Special Report – Belt and Road

Chinese firms keen to make connections in digital realm

The mainland government is keen to develop soft infrastructure that will enhance communication between countries along the belt and road plan’s trade routes

PUBLISHED : Thursday, 20 September, 2018, 11:02am
UPDATED : Thursday, 20 September, 2018, 11:02am

French winemaker Dominique Piron sent 18,000 bottles of Beaujolais in 36 containers to China in 2016, two years after meeting Xi Jinping and listening to the president’s vision for China’s global trade strategy.

By the end of 2018, he hopes to send the first container of wine via new rail links that have been built as part of the infrastructure developments that connect China with the rest of the world.

Piron said that China now accounts for one-third of his annual turnover. The wine house even created a vintage with a red and gold label that was decorated with a rooster for Lunar New Year.

Wine is one of the industries expected to benefit from the projects resulting from China’s global trade strategy.

There were thousands of wine exhibitors from related countries attending the 8th China International Alcoholic Beverage Expo in Guiyang, Guizhou province earlier this month.

“The expo aims to reinforce the exchange and cooperation between specialists of [the] alcohol industry from China and abroad” says Lu Yongzheng, vice-governor of Guizhou Provincial People’s Government.

“It also provides a platform for building friendship, and finding new chances of business network for specialists of alcohol industry from over the world,” Lu says. Exhibitors and enthusiasts from 40 countries attended, including companies from the US, France, Spain, Italy, Portugal, Australia, New Zealand and South Africa.

Most of China’s investments will go to infrastructure, ports and energy projects. But the mainland government is keen to develop soft infrastructure that will enhance communication between countries along the belt and road plan’s trade routes.

This will also be a boon to Chinese tech companies.This is part of the Digital Silk Road, for which tech giants such as Alibaba (the parent company of South China Morning Post) and JD.com have pledged funding to help enhance their internet-based industries.

China aims to expand coverage of its own satellite-navigation system to the 60-plus countries along the Belt and Road trade route by 2020.

It eventually hopes to reach global coverage by using 35 satellites and end its reliance on American GPS systems.

Last week, Alibaba Group Holding formed a joint venture e-commerce company with the Russian Direct Investment Fund (RDIF), mobile operator MegaFon and internet giant Mail.ru in which Alibaba will sell 52 per cent of its Russian business to its partners and provide funding for the project.

In return, Alibaba will be given increased access to the Russian market.

“By partnering with Russia’s leading consumer internet platform, AliExpress Russia will leverage Mail. Ru Group’s 100 million internet users across its social media, messaging, email and online games properties.

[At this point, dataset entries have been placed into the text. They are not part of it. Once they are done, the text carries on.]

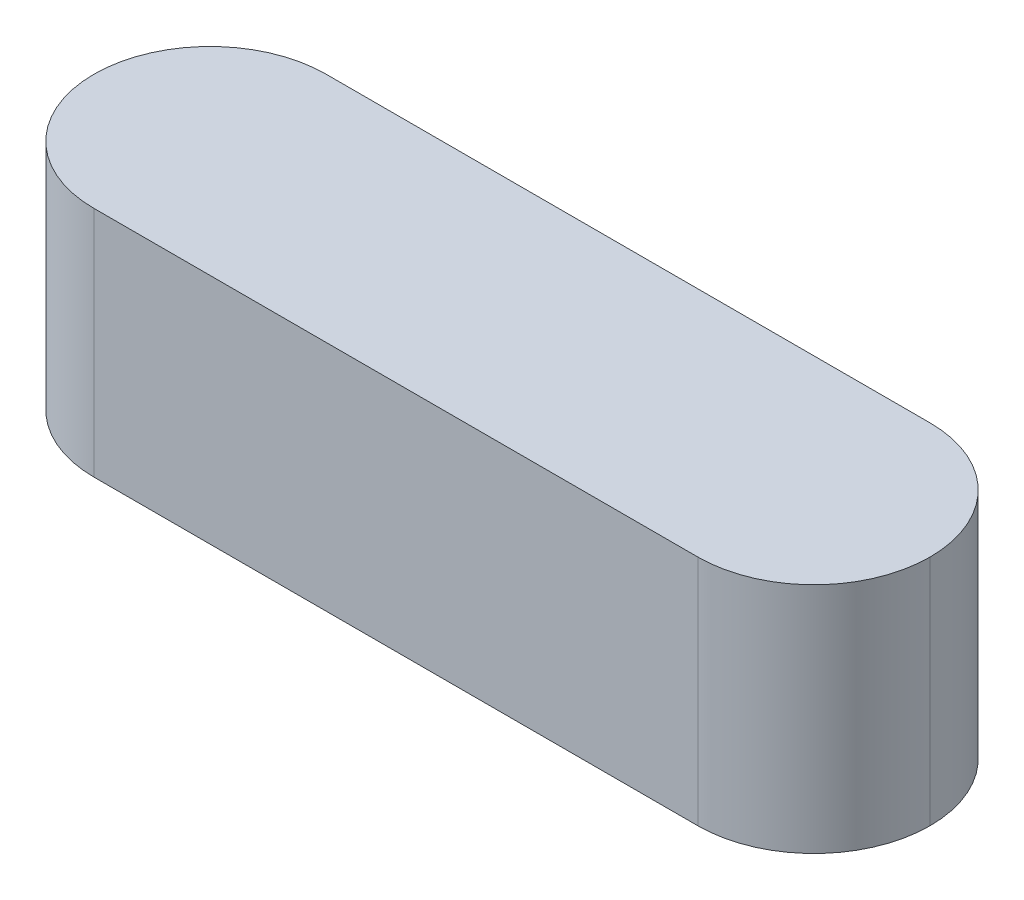
ISO-10303-21;
HEADER;
FILE_DESCRIPTION(('STEP AP214'),'2;1');
FILE_NAME('part.step','',(''),(''),'','','');
FILE_SCHEMA(('AUTOMOTIVE_DESIGN { 1 0 10303 214 1 1 1 1 }'));
ENDSEC;
DATA;
#1=APPLICATION_CONTEXT('core data for automotive mechanical design processes');
#2=APPLICATION_PROTOCOL_DEFINITION('international standard','automotive_design',2000,#1);
#3=PRODUCT_CONTEXT('',#1,'mechanical');
#4=PRODUCT('Part','Part','',(#3));
#5=PRODUCT_RELATED_PRODUCT_CATEGORY('part','',(#4));
#6=PRODUCT_DEFINITION_FORMATION('','',#4);
#7=PRODUCT_DEFINITION_CONTEXT('part definition',#1,'design');
#8=PRODUCT_DEFINITION('design','',#6,#7);
#9=PRODUCT_DEFINITION_SHAPE('','',#8);
#10=(LENGTH_UNIT() NAMED_UNIT(*) SI_UNIT(.MILLI.,.METRE.));
#11=(NAMED_UNIT(*) PLANE_ANGLE_UNIT() SI_UNIT($,.RADIAN.));
#12=(NAMED_UNIT(*) SI_UNIT($,.STERADIAN.) SOLID_ANGLE_UNIT());
#13=UNCERTAINTY_MEASURE_WITH_UNIT(LENGTH_MEASURE(1.E-05),#10,'distance_accuracy_value','');
#14=(GEOMETRIC_REPRESENTATION_CONTEXT(3) GLOBAL_UNCERTAINTY_ASSIGNED_CONTEXT((#13)) GLOBAL_UNIT_ASSIGNED_CONTEXT((#10,
#11,#12)) REPRESENTATION_CONTEXT('',''));
#15=CARTESIAN_POINT('',(0.,0.,0.));
#16=DIRECTION('',(0.,0.,1.));
#17=DIRECTION('',(1.,0.,0.));
#18=AXIS2_PLACEMENT_3D('',#15,#16,#17);
#19=CARTESIAN_POINT('',(0.,25.05,0.));
#20=DIRECTION('',(0.,0.,-1.));
#21=DIRECTION('',(-1.,0.,0.));
#22=AXIS2_PLACEMENT_3D('',#19,#20,#21);
#23=PLANE('',#22);
#24=DIRECTION('',(1.,0.,0.));
#25=VECTOR('',#24,1.);
#26=CARTESIAN_POINT('',(0.,0.,0.));
#27=LINE('',#26,#25);
#28=CARTESIAN_POINT('',(12.5,0.,0.));
#29=VERTEX_POINT('',#28);
#30=CARTESIAN_POINT('',(77.5,0.,0.));
#31=VERTEX_POINT('',#30);
#32=EDGE_CURVE('E100',#29,#31,#27,.T.);
#33=ORIENTED_EDGE('',*,*,#32,.T.);
#34=DIRECTION('',(0.,-1.,0.));
#35=VECTOR('',#34,1.);
#36=CARTESIAN_POINT('',(77.5,25.05,0.));
#37=LINE('',#36,#35);
#38=CARTESIAN_POINT('',(77.5,25.05,0.));
#39=VERTEX_POINT('',#38);
#40=EDGE_CURVE('E144',#31,#39,#37,.F.);
#41=ORIENTED_EDGE('',*,*,#40,.T.);
#42=DIRECTION('',(1.,0.,0.));
#43=VECTOR('',#42,1.);
#44=CARTESIAN_POINT('',(0.,25.05,0.));
#45=LINE('',#44,#43);
#46=CARTESIAN_POINT('',(12.5,25.05,0.));
#47=VERTEX_POINT('',#46);
#48=EDGE_CURVE('E111',#47,#39,#45,.T.);
#49=ORIENTED_EDGE('',*,*,#48,.F.);
#50=DIRECTION('',(0.,-1.,0.));
#51=VECTOR('',#50,1.);
#52=CARTESIAN_POINT('',(12.5,0.,0.));
#53=LINE('',#52,#51);
#54=EDGE_CURVE('E142',#47,#29,#53,.T.);
#55=ORIENTED_EDGE('',*,*,#54,.T.);
#56=EDGE_LOOP('',(#33,#41,#49,#55));
#57=FACE_BOUND('',#56,.T.);
#58=ADVANCED_FACE('F41',(#57),#23,.F.);
#59=CARTESIAN_POINT('',(0.,25.05,-25.));
#60=DIRECTION('',(0.,0.,-1.));
#61=DIRECTION('',(-1.,0.,0.));
#62=AXIS2_PLACEMENT_3D('',#59,#60,#61);
#63=PLANE('',#62);
#64=DIRECTION('',(1.,0.,0.));
#65=VECTOR('',#64,1.);
#66=CARTESIAN_POINT('',(0.,25.05,-25.));
#67=LINE('',#66,#65);
#68=CARTESIAN_POINT('',(12.5,25.05,-25.));
#69=VERTEX_POINT('',#68);
#70=CARTESIAN_POINT('',(77.5,25.05,-25.));
#71=VERTEX_POINT('',#70);
#72=EDGE_CURVE('E133',#69,#71,#67,.T.);
#73=ORIENTED_EDGE('',*,*,#72,.T.);
#74=DIRECTION('',(0.,-1.,0.));
#75=VECTOR('',#74,1.);
#76=CARTESIAN_POINT('',(77.5,0.,-25.));
#77=LINE('',#76,#75);
#78=CARTESIAN_POINT('',(77.5,0.,-25.));
#79=VERTEX_POINT('',#78);
#80=EDGE_CURVE('E11',#71,#79,#77,.T.);
#81=ORIENTED_EDGE('',*,*,#80,.T.);
#82=DIRECTION('',(1.,0.,0.));
#83=VECTOR('',#82,1.);
#84=CARTESIAN_POINT('',(0.,0.,-25.));
#85=LINE('',#84,#83);
#86=CARTESIAN_POINT('',(12.5,0.,-25.));
#87=VERTEX_POINT('',#86);
#88=EDGE_CURVE('E118',#87,#79,#85,.T.);
#89=ORIENTED_EDGE('',*,*,#88,.F.);
#90=DIRECTION('',(0.,-1.,0.));
#91=VECTOR('',#90,1.);
#92=CARTESIAN_POINT('',(12.5,25.05,-25.));
#93=LINE('',#92,#91);
#94=EDGE_CURVE('E50',#87,#69,#93,.F.);
#95=ORIENTED_EDGE('',*,*,#94,.T.);
#96=EDGE_LOOP('',(#73,#81,#89,#95));
#97=FACE_BOUND('',#96,.T.);
#98=ADVANCED_FACE('F166',(#97),#63,.T.);
#99=CARTESIAN_POINT('',(0.,25.05,0.));
#100=DIRECTION('',(0.,-1.,0.));
#101=DIRECTION('',(0.,0.,-1.));
#102=AXIS2_PLACEMENT_3D('',#99,#100,#101);
#103=PLANE('',#102);
#104=ORIENTED_EDGE('',*,*,#48,.T.);
#105=CARTESIAN_POINT('',(77.5,25.05,-12.5));
#106=DIRECTION('',(0.,-1.,0.));
#107=DIRECTION('',(0.,0.,-1.));
#108=AXIS2_PLACEMENT_3D('',#105,#106,#107);
#109=CIRCLE('',#108,12.5);
#110=CARTESIAN_POINT('',(90.,25.05,-12.5));
#111=VERTEX_POINT('',#110);
#112=EDGE_CURVE('E151',#39,#111,#109,.F.);
#113=ORIENTED_EDGE('',*,*,#112,.T.);
#114=CARTESIAN_POINT('',(77.5,25.05,-12.5));
#115=DIRECTION('',(0.,-1.,0.));
#116=DIRECTION('',(0.,0.,-1.));
#117=AXIS2_PLACEMENT_3D('',#114,#115,#116);
#118=CIRCLE('',#117,12.5);
#119=EDGE_CURVE('E58',#111,#71,#118,.F.);
#120=ORIENTED_EDGE('',*,*,#119,.T.);
#121=ORIENTED_EDGE('',*,*,#72,.F.);
#122=CARTESIAN_POINT('',(12.5,25.05,-12.5));
#123=DIRECTION('',(0.,-1.,0.));
#124=DIRECTION('',(0.,0.,-1.));
#125=AXIS2_PLACEMENT_3D('',#122,#123,#124);
#126=CIRCLE('',#125,12.5);
#127=CARTESIAN_POINT('',(0.,25.05,-12.5));
#128=VERTEX_POINT('',#127);
#129=EDGE_CURVE('E147',#69,#128,#126,.F.);
#130=ORIENTED_EDGE('',*,*,#129,.T.);
#131=CARTESIAN_POINT('',(12.5,25.05,-12.5));
#132=DIRECTION('',(0.,-1.,0.));
#133=DIRECTION('',(0.,0.,-1.));
#134=AXIS2_PLACEMENT_3D('',#131,#132,#133);
#135=CIRCLE('',#134,12.5);
#136=EDGE_CURVE('E114',#128,#47,#135,.F.);
#137=ORIENTED_EDGE('',*,*,#136,.T.);
#138=EDGE_LOOP('',(#104,#113,#120,#121,#130,#137));
#139=FACE_BOUND('',#138,.T.);
#140=ADVANCED_FACE('F153',(#139),#103,.F.);
#141=CARTESIAN_POINT('',(0.,0.,0.));
#142=DIRECTION('',(0.,-1.,0.));
#143=DIRECTION('',(0.,0.,-1.));
#144=AXIS2_PLACEMENT_3D('',#141,#142,#143);
#145=PLANE('',#144);
#146=CARTESIAN_POINT('',(67.5,0.,-12.5));
#147=DIRECTION('',(0.,-1.,0.));
#148=DIRECTION('',(0.,0.,-1.));
#149=AXIS2_PLACEMENT_3D('',#146,#147,#148);
#150=CIRCLE('',#149,1.5);
#151=CARTESIAN_POINT('',(67.5,0.,-14.));
#152=VERTEX_POINT('',#151);
#153=EDGE_CURVE('E120',#152,#152,#150,.T.);
#154=ORIENTED_EDGE('',*,*,#153,.F.);
#155=EDGE_LOOP('',(#154));
#156=FACE_BOUND('',#155,.T.);
#157=CARTESIAN_POINT('',(22.5,0.,-12.5));
#158=DIRECTION('',(0.,-1.,0.));
#159=DIRECTION('',(0.,0.,-1.));
#160=AXIS2_PLACEMENT_3D('',#157,#158,#159);
#161=CIRCLE('',#160,1.5);
#162=CARTESIAN_POINT('',(22.5,0.,-14.));
#163=VERTEX_POINT('',#162);
#164=EDGE_CURVE('E125',#163,#163,#161,.T.);
#165=ORIENTED_EDGE('',*,*,#164,.F.);
#166=EDGE_LOOP('',(#165));
#167=FACE_BOUND('',#166,.T.);
#168=CARTESIAN_POINT('',(77.5,0.,-12.5));
#169=DIRECTION('',(0.,-1.,0.));
#170=DIRECTION('',(0.,0.,-1.));
#171=AXIS2_PLACEMENT_3D('',#168,#169,#170);
#172=CIRCLE('',#171,12.5);
#173=CARTESIAN_POINT('',(90.,0.,-12.5));
#174=VERTEX_POINT('',#173);
#175=EDGE_CURVE('E105',#79,#174,#172,.T.);
#176=ORIENTED_EDGE('',*,*,#175,.T.);
#177=CARTESIAN_POINT('',(77.5,0.,-12.5));
#178=DIRECTION('',(0.,-1.,0.));
#179=DIRECTION('',(0.,0.,-1.));
#180=AXIS2_PLACEMENT_3D('',#177,#178,#179);
#181=CIRCLE('',#180,12.5);
#182=EDGE_CURVE('E140',#174,#31,#181,.T.);
#183=ORIENTED_EDGE('',*,*,#182,.T.);
#184=ORIENTED_EDGE('',*,*,#32,.F.);
#185=CARTESIAN_POINT('',(12.5,0.,-12.5));
#186=DIRECTION('',(0.,-1.,0.));
#187=DIRECTION('',(0.,0.,-1.));
#188=AXIS2_PLACEMENT_3D('',#185,#186,#187);
#189=CIRCLE('',#188,12.5);
#190=CARTESIAN_POINT('',(0.,0.,-12.5));
#191=VERTEX_POINT('',#190);
#192=EDGE_CURVE('E94',#29,#191,#189,.T.);
#193=ORIENTED_EDGE('',*,*,#192,.T.);
#194=CARTESIAN_POINT('',(12.5,0.,-12.5));
#195=DIRECTION('',(0.,-1.,0.));
#196=DIRECTION('',(0.,0.,-1.));
#197=AXIS2_PLACEMENT_3D('',#194,#195,#196);
#198=CIRCLE('',#197,12.5);
#199=EDGE_CURVE('E98',#191,#87,#198,.T.);
#200=ORIENTED_EDGE('',*,*,#199,.T.);
#201=ORIENTED_EDGE('',*,*,#88,.T.);
#202=EDGE_LOOP('',(#176,#183,#184,#193,#200,#201));
#203=FACE_BOUND('',#202,.T.);
#204=ADVANCED_FACE('F96',(#156,#167,#203),#145,.T.);
#205=CARTESIAN_POINT('',(77.5,25.05,-12.5));
#206=DIRECTION('',(0.,1.,0.));
#207=DIRECTION('',(0.,0.,1.));
#208=AXIS2_PLACEMENT_3D('',#205,#206,#207);
#209=CYLINDRICAL_SURFACE('',#208,12.5);
#210=ORIENTED_EDGE('',*,*,#80,.F.);
#211=ORIENTED_EDGE('',*,*,#119,.F.);
#212=DIRECTION('',(0.,-1.,0.));
#213=VECTOR('',#212,1.);
#214=CARTESIAN_POINT('',(90.,25.05,-12.5));
#215=LINE('',#214,#213);
#216=EDGE_CURVE('E115',#174,#111,#215,.F.);
#217=ORIENTED_EDGE('',*,*,#216,.F.);
#218=ORIENTED_EDGE('',*,*,#175,.F.);
#219=EDGE_LOOP('',(#210,#211,#217,#218));
#220=FACE_BOUND('',#219,.T.);
#221=ADVANCED_FACE('F160',(#220),#209,.T.);
#222=CARTESIAN_POINT('',(77.5,25.05,-12.5));
#223=DIRECTION('',(0.,-1.,0.));
#224=DIRECTION('',(0.,0.,-1.));
#225=AXIS2_PLACEMENT_3D('',#222,#223,#224);
#226=CYLINDRICAL_SURFACE('',#225,12.5);
#227=ORIENTED_EDGE('',*,*,#112,.F.);
#228=ORIENTED_EDGE('',*,*,#40,.F.);
#229=ORIENTED_EDGE('',*,*,#182,.F.);
#230=ORIENTED_EDGE('',*,*,#216,.T.);
#231=EDGE_LOOP('',(#227,#228,#229,#230));
#232=FACE_BOUND('',#231,.T.);
#233=ADVANCED_FACE('F163',(#232),#226,.T.);
#234=CARTESIAN_POINT('',(12.5,25.05,-12.5));
#235=DIRECTION('',(0.,-1.,0.));
#236=DIRECTION('',(0.,0.,-1.));
#237=AXIS2_PLACEMENT_3D('',#234,#235,#236);
#238=CYLINDRICAL_SURFACE('',#237,12.5);
#239=DIRECTION('',(0.,-1.,0.));
#240=VECTOR('',#239,1.);
#241=CARTESIAN_POINT('',(0.,25.05,-12.5));
#242=LINE('',#241,#240);
#243=EDGE_CURVE('E45',#128,#191,#242,.T.);
#244=ORIENTED_EDGE('',*,*,#243,.F.);
#245=ORIENTED_EDGE('',*,*,#129,.F.);
#246=ORIENTED_EDGE('',*,*,#94,.F.);
#247=ORIENTED_EDGE('',*,*,#199,.F.);
#248=EDGE_LOOP('',(#244,#245,#246,#247));
#249=FACE_BOUND('',#248,.T.);
#250=ADVANCED_FACE('F43',(#249),#238,.T.);
#251=CARTESIAN_POINT('',(12.5,25.05,-12.5));
#252=DIRECTION('',(0.,1.,0.));
#253=DIRECTION('',(0.,0.,1.));
#254=AXIS2_PLACEMENT_3D('',#251,#252,#253);
#255=CYLINDRICAL_SURFACE('',#254,12.5);
#256=ORIENTED_EDGE('',*,*,#136,.F.);
#257=ORIENTED_EDGE('',*,*,#243,.T.);
#258=ORIENTED_EDGE('',*,*,#192,.F.);
#259=ORIENTED_EDGE('',*,*,#54,.F.);
#260=EDGE_LOOP('',(#256,#257,#258,#259));
#261=FACE_BOUND('',#260,.T.);
#262=ADVANCED_FACE('F113',(#261),#255,.T.);
#263=CARTESIAN_POINT('',(22.5,5.,-12.5));
#264=DIRECTION('',(0.,-1.,0.));
#265=DIRECTION('',(0.,0.,-1.));
#266=AXIS2_PLACEMENT_3D('',#263,#264,#265);
#267=CYLINDRICAL_SURFACE('',#266,1.5);
#268=CARTESIAN_POINT('',(22.5,5.,-12.5));
#269=DIRECTION('',(0.,-1.,0.));
#270=DIRECTION('',(0.,0.,-1.));
#271=AXIS2_PLACEMENT_3D('',#268,#269,#270);
#272=CIRCLE('',#271,1.5);
#273=CARTESIAN_POINT('',(22.5,5.,-14.));
#274=VERTEX_POINT('',#273);
#275=EDGE_CURVE('E130',#274,#274,#272,.T.);
#276=ORIENTED_EDGE('',*,*,#275,.F.);
#277=EDGE_LOOP('',(#276));
#278=FACE_BOUND('',#277,.T.);
#279=ORIENTED_EDGE('',*,*,#164,.T.);
#280=EDGE_LOOP('',(#279));
#281=FACE_BOUND('',#280,.T.);
#282=ADVANCED_FACE('F179',(#278,#281),#267,.F.);
#283=CARTESIAN_POINT('',(22.5,5.,-12.5));
#284=DIRECTION('',(0.,-1.,0.));
#285=DIRECTION('',(0.,0.,-1.));
#286=AXIS2_PLACEMENT_3D('',#283,#284,#285);
#287=PLANE('',#286);
#288=ORIENTED_EDGE('',*,*,#275,.T.);
#289=EDGE_LOOP('',(#288));
#290=FACE_BOUND('',#289,.T.);
#291=ADVANCED_FACE('F185',(#290),#287,.T.);
#292=CARTESIAN_POINT('',(67.5,5.,-12.5));
#293=DIRECTION('',(0.,-1.,0.));
#294=DIRECTION('',(0.,0.,-1.));
#295=AXIS2_PLACEMENT_3D('',#292,#293,#294);
#296=CYLINDRICAL_SURFACE('',#295,1.5);
#297=CARTESIAN_POINT('',(67.5,5.,-12.5));
#298=DIRECTION('',(0.,-1.,0.));
#299=DIRECTION('',(0.,0.,-1.));
#300=AXIS2_PLACEMENT_3D('',#297,#298,#299);
#301=CIRCLE('',#300,1.5);
#302=CARTESIAN_POINT('',(67.5,5.,-14.));
#303=VERTEX_POINT('',#302);
#304=EDGE_CURVE('E116',#303,#303,#301,.T.);
#305=ORIENTED_EDGE('',*,*,#304,.F.);
#306=EDGE_LOOP('',(#305));
#307=FACE_BOUND('',#306,.T.);
#308=ORIENTED_EDGE('',*,*,#153,.T.);
#309=EDGE_LOOP('',(#308));
#310=FACE_BOUND('',#309,.T.);
#311=ADVANCED_FACE('F233',(#307,#310),#296,.F.);
#312=CARTESIAN_POINT('',(67.5,5.,-12.5));
#313=DIRECTION('',(0.,-1.,0.));
#314=DIRECTION('',(0.,0.,-1.));
#315=AXIS2_PLACEMENT_3D('',#312,#313,#314);
#316=PLANE('',#315);
#317=ORIENTED_EDGE('',*,*,#304,.T.);
#318=EDGE_LOOP('',(#317));
#319=FACE_BOUND('',#318,.T.);
#320=ADVANCED_FACE('F242',(#319),#316,.T.);
#321=CLOSED_SHELL('',(#58,#98,#140,#204,#221,#233,#250,#262,#282,#291,#311,#320));
#322=MANIFOLD_SOLID_BREP('B2',#321);
#323=ADVANCED_BREP_SHAPE_REPRESENTATION('',(#18,#322),#14);
#324=SHAPE_DEFINITION_REPRESENTATION(#9,#323);
ENDSEC;
END-ISO-10303-21;

“With access to this unique platform and user base, the joint venture will fill a highly complementary role in the Russian consumer lifestyle value chain, creating a one-stop platform for social, communications, gaming and shopping,” a statement from the Group said.

While the approach is expected to provide business opportunities for domestic companies along the route, Chinese firms are clearly the biggest beneficiaries.

In 2015, China Development Bank and Industrial and Commercial Bank of China issued a US$2.5 billion credit line to India’s largest telecom operator, Bharti Airtel, to help it expand domestic infrastructure projects. Bharti Airtel then promptly outsourced some of its network equipment to Chinese tech giants Huawei and ZTE.

Domestic companies will also benefit from China investment, though to a lesser extent. Indonesia-based Mainspring Technology, run by Malaysian Chinese Liew Weihan, is making the most of China funding to develop its own mobile internet sector.

In response to the trade initiative, technology and funds from China will help Southeast Asia develop its own mobile internet sector.

Liew predicted that “the next decade will be a golden era for the internet in the region, most notably Indonesia, Malaysia, Vietnam and the Philippines”.

Mainspring received tens of millions of dollars from a China-based venture capital fund.

“We are a direct beneficiary of the initiative. Our technology, capital and experience are all from China,” Liew said. “The initiative will propel the growth of the entire internet sector across Southeast Asia.”